245. simonw ◴[] No.43183513{8}[source]
This is a really useful definition of "agentic search", thanks.
246. dghlsakjg ◴[] No.43185623{7}[source]
$1500 is 100 million output tokens, or 500 million input tokens for Claude 3.7.

The entire LOTR trilogy is ~.55 million tokens (1,200 pages, published).

If you are sending and receiving the text equivalent of several hundred copies of the LOTR trilogy every week, I don't think you are actually using AI for anything useful, or you are providing far too much context.

247. regularfry ◴[] No.43186485{9}[source]
That's far clearer. Yes.
248. srigi ◴[] No.43187266[source]
To me it doesn’t look like a bug.
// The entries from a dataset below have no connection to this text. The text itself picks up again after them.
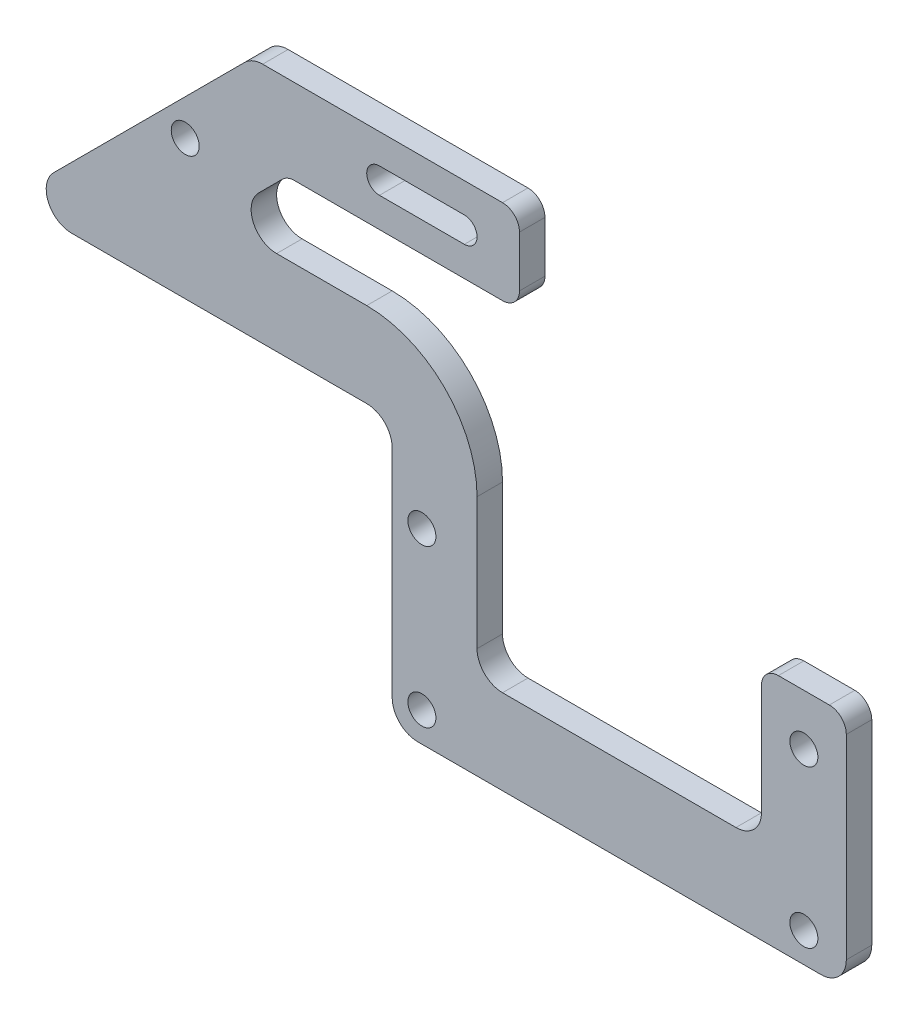
from build123d import *

# Parameters (mm, degrees)
SKETCH_1_W          = 55
SKETCH_1_H          = 30
SKETCH_1_R          = 1.65
EXTRUDE_1_DEPTH     = 3
SKETCH_2_W          = 55
SKETCH_2_H          = 30
EXTRUDE_2_DEPTH     = 3
EXTRUDE_3_DEPTH     = 3
SKETCH_8_R          = 1.65
CUT_EXTRUDE_1_DEPTH = 10
FILLET_2_R          = 3
CUT_EXTRUDE_2_DEPTH = 10
CUT_EXTRUDE_3_DEPTH = 92.964667128
FILLET_3_R          = 3
CUT_EXTRUDE_4_DEPTH = 88.508828254
FILLET_4_R          = 3
SKETCH_14_W         = 50
SKETCH_14_H         = 32
CUT_EXTRUDE_5_DEPTH = 88.508828254
FILLET_5_R          = 2


with BuildPart() as part:
    # 草图1 → 凸台-拉伸1 (new body)
    with BuildSketch(Plane.XY):
        with Locations((0, 11.5)):
            Rectangle(SKETCH_1_W, SKETCH_1_H)
        with Locations((-22.5, 0)):
            Circle(SKETCH_1_R, mode=Mode.SUBTRACT)
        with Locations((-22.5, 18.5)):
            Circle(SKETCH_1_R, mode=Mode.SUBTRACT)
        with Locations(Location((22.5, 18.5, 0), (0, 0, 180))):
            Circle(SKETCH_1_R, mode=Mode.SUBTRACT)
        with Locations(Location((22.5, 0, 0), (0, 0, 180))):
            Circle(SKETCH_1_R, mode=Mode.SUBTRACT)
    extrude(amount=EXTRUDE_1_DEPTH)

    # 草图2 → 凸台-拉伸2 (add)
    with BuildSketch(Plane.XY.offset(3)):
        with Locations((0, 41.5)):
            Rectangle(SKETCH_2_W, SKETCH_2_H)
    extrude(amount=-EXTRUDE_2_DEPTH)

    # 草图4 → 凸台-拉伸3 (add)
    with BuildSketch(Plane.XY.offset(3)):
        Polygon((-27.5, 26.5), (-72.5, 26.5), (-42.5, 56.5), (-27.5, 56.5), align=None)
    extrude(amount=-EXTRUDE_3_DEPTH)

    # 草图8 → 切除-拉伸1 (cut)
    with BuildSketch(Plane(origin=(0, 0, 0), x_dir=(-1, 0, 0), z_dir=(0, 0, -1))):
        with Locations((50.378679656, 44.378679656)):
            Circle(SKETCH_8_R)
    extrude(amount=-CUT_EXTRUDE_1_DEPTH, mode=Mode.SUBTRACT)

    # 圆角2
    fillet_2_edges = [part.edges().sort_by_distance(p)[0] for p in [
        (27.5, 56.5, 1.5),
        (-42.5, 56.5, 1.5),
        (27.5, -3.5, 1.5),
    ]]
    fillet(fillet_2_edges, radius=FILLET_2_R)

    # 草图9 → 切除-拉伸2 (cut)
    with BuildSketch(Plane.XY.offset(3)):
        with BuildLine():
            Line((-27.5, 53), (-17.5, 53))
            ThreePointArc((-17.5, 53), (-16, 51.5), (-17.5, 50))
            Line((-17.5, 50), (-27.5, 50))
            ThreePointArc((-27.5, 50), (-29, 51.5), (-27.5, 53))
        make_face()
    extrude(amount=-CUT_EXTRUDE_2_DEPTH, mode=Mode.SUBTRACT)

    # 草图12 → 切除-拉伸3 (cut, through all)
    with BuildSketch(Plane(origin=(0, 0, 0), x_dir=(-1, 0, 0), z_dir=(0, 0, -1))):
        Polygon((71, 28), (26, 28), (26, -3.5), (27.5, -3.5), (27.5, 26.5), (72.5, 26.5), align=None)
    extrude(amount=-CUT_EXTRUDE_3_DEPTH, mode=Mode.SUBTRACT)

    # 圆角3
    fillet_3_edges = [part.edges().sort_by_distance(p)[0] for p in [
        (-26, -3.5, 1.5),
        (-26, 28, 1.5),
        (-71, 28, 1.5),
    ]]
    fillet(fillet_3_edges, radius=FILLET_3_R)

    # 草图13 → 切除-拉伸4 (cut, through all)
    with BuildSketch(Plane(origin=(0, 0, 0), x_dir=(-1, 0, 0), z_dir=(0, 0, -1))):
        with BuildLine():
            Line((29, 38), (46.857864376, 38))
            Line((46.857864376, 38), (38.357864376, 46.5))
            Line((38.357864376, 46.5), (-17.5, 46.5))
            Line((-17.5, 46.5), (-17.5, 6.5))
            Line((-17.5, 6.5), (16, 6.5))
            Line((16, 6.5), (16, 25))
            ThreePointArc((16, 25), (19.807611845, 34.192388155), (29, 38))
        make_face()
    extrude(amount=-CUT_EXTRUDE_4_DEPTH, mode=Mode.SUBTRACT)

    # 圆角4
    fillet_4_edges = [part.edges().sort_by_distance(p)[0] for p in [
        (-16, 6.5, 1.5),
        (17.5, 6.5, 1.5),
        (17.5, 46.5, 1.5),
        (-46.857864376, 38, 1.5),
    ]]
    fillet(fillet_4_edges, radius=FILLET_4_R)

    # 草图14 → 切除-拉伸5 (cut, through all)
    with BuildSketch(Plane(origin=(0, 0, 0), x_dir=(-1, 0, 0), z_dir=(0, 0, -1))):
        with Locations((-14, 40.5)):
            Rectangle(SKETCH_14_W, SKETCH_14_H)
    extrude(amount=-CUT_EXTRUDE_5_DEPTH, mode=Mode.SUBTRACT)

    # 圆角5
    fillet_5_edges = [part.edges().sort_by_distance(p)[0] for p in [
        (-38.357864376, 46.5, 1.5),
        (-11, 46.5, 1.5),
        (17.5, 24.5, 1.5),
        (27.5, 24.5, 1.5),
        (-11, 56.5, 1.5),
    ]]
    fillet(fillet_5_edges, radius=FILLET_5_R)


solid = part.part

I believe it is a intended “feature” pushed from high management - a dark patern to make plebs pay for answer that has overflowed the quota.
249. handfuloflight ◴[] No.43188305{4}[source]
What do you do to build context?
250. danskeren ◴[] No.43192161[source]
A bit off topic but I wanted to let you know that anthropic is currently in violation of EU Directive 98/6/EC:

> The selling price and the unit price must be indicated in an unambiguous, easily identifiable and clearly legible manner for all products offered by traders to consumers (i.e. the final price should include value added tax and all other taxes).

I wanted to see what the annual plan would cost as it was just displaying €170+VAT, and when I clicked the upgrade button to find out (I checked everywhere on the page) then I was automatically subscribed without any confirmation and without ever seeing the final price before the transaction was completed.

replies(1): >>43192381 #
251. cft ◴[] No.43192381[source]
You can stuff up your EU directives up your nose, like your bottle caps when you try to drink from a European bottle
replies(1): >>43192546 #
252. danskeren ◴[] No.43192546{3}[source]
The bottle caps are a joke, but how can anyone in their right mind be against transparent pricing?

You think it's acceptable that a company say the price is €170+vat and then after the transaction is complete they inform you that the actual price was €206.50?

replies(1): >>43193635 #
253. cft ◴[] No.43193635{4}[source]
No, not OK. In this case, the recourse in the US is simple- contact the company, and when refused a refund, cancel the charge in your credit card wit a couple of simple clicks in the app.
254. hassleblad23 ◴[] No.43219860{5}[source]
This is supported natively by most IDEs today.
replies(1): >>43231985 #
255. hassleblad23 ◴[] No.43231985{6}[source]
At least Pycharm is good at it.
256. throwaway454647 ◴[] No.43239657{3}[source]
I've made the extension, but I haven't been able to test it (hence I'd rather not release it). I use Claude daily, but I haven't bumped into the situation yet where the generated output would disappear.
replies(1): >>43319648 #
257. throwaway454647 ◴[] No.43319648{4}[source]
Good news, I caught it today, I'll be able to iterate and at some point I'll publish my extension at Mozilla.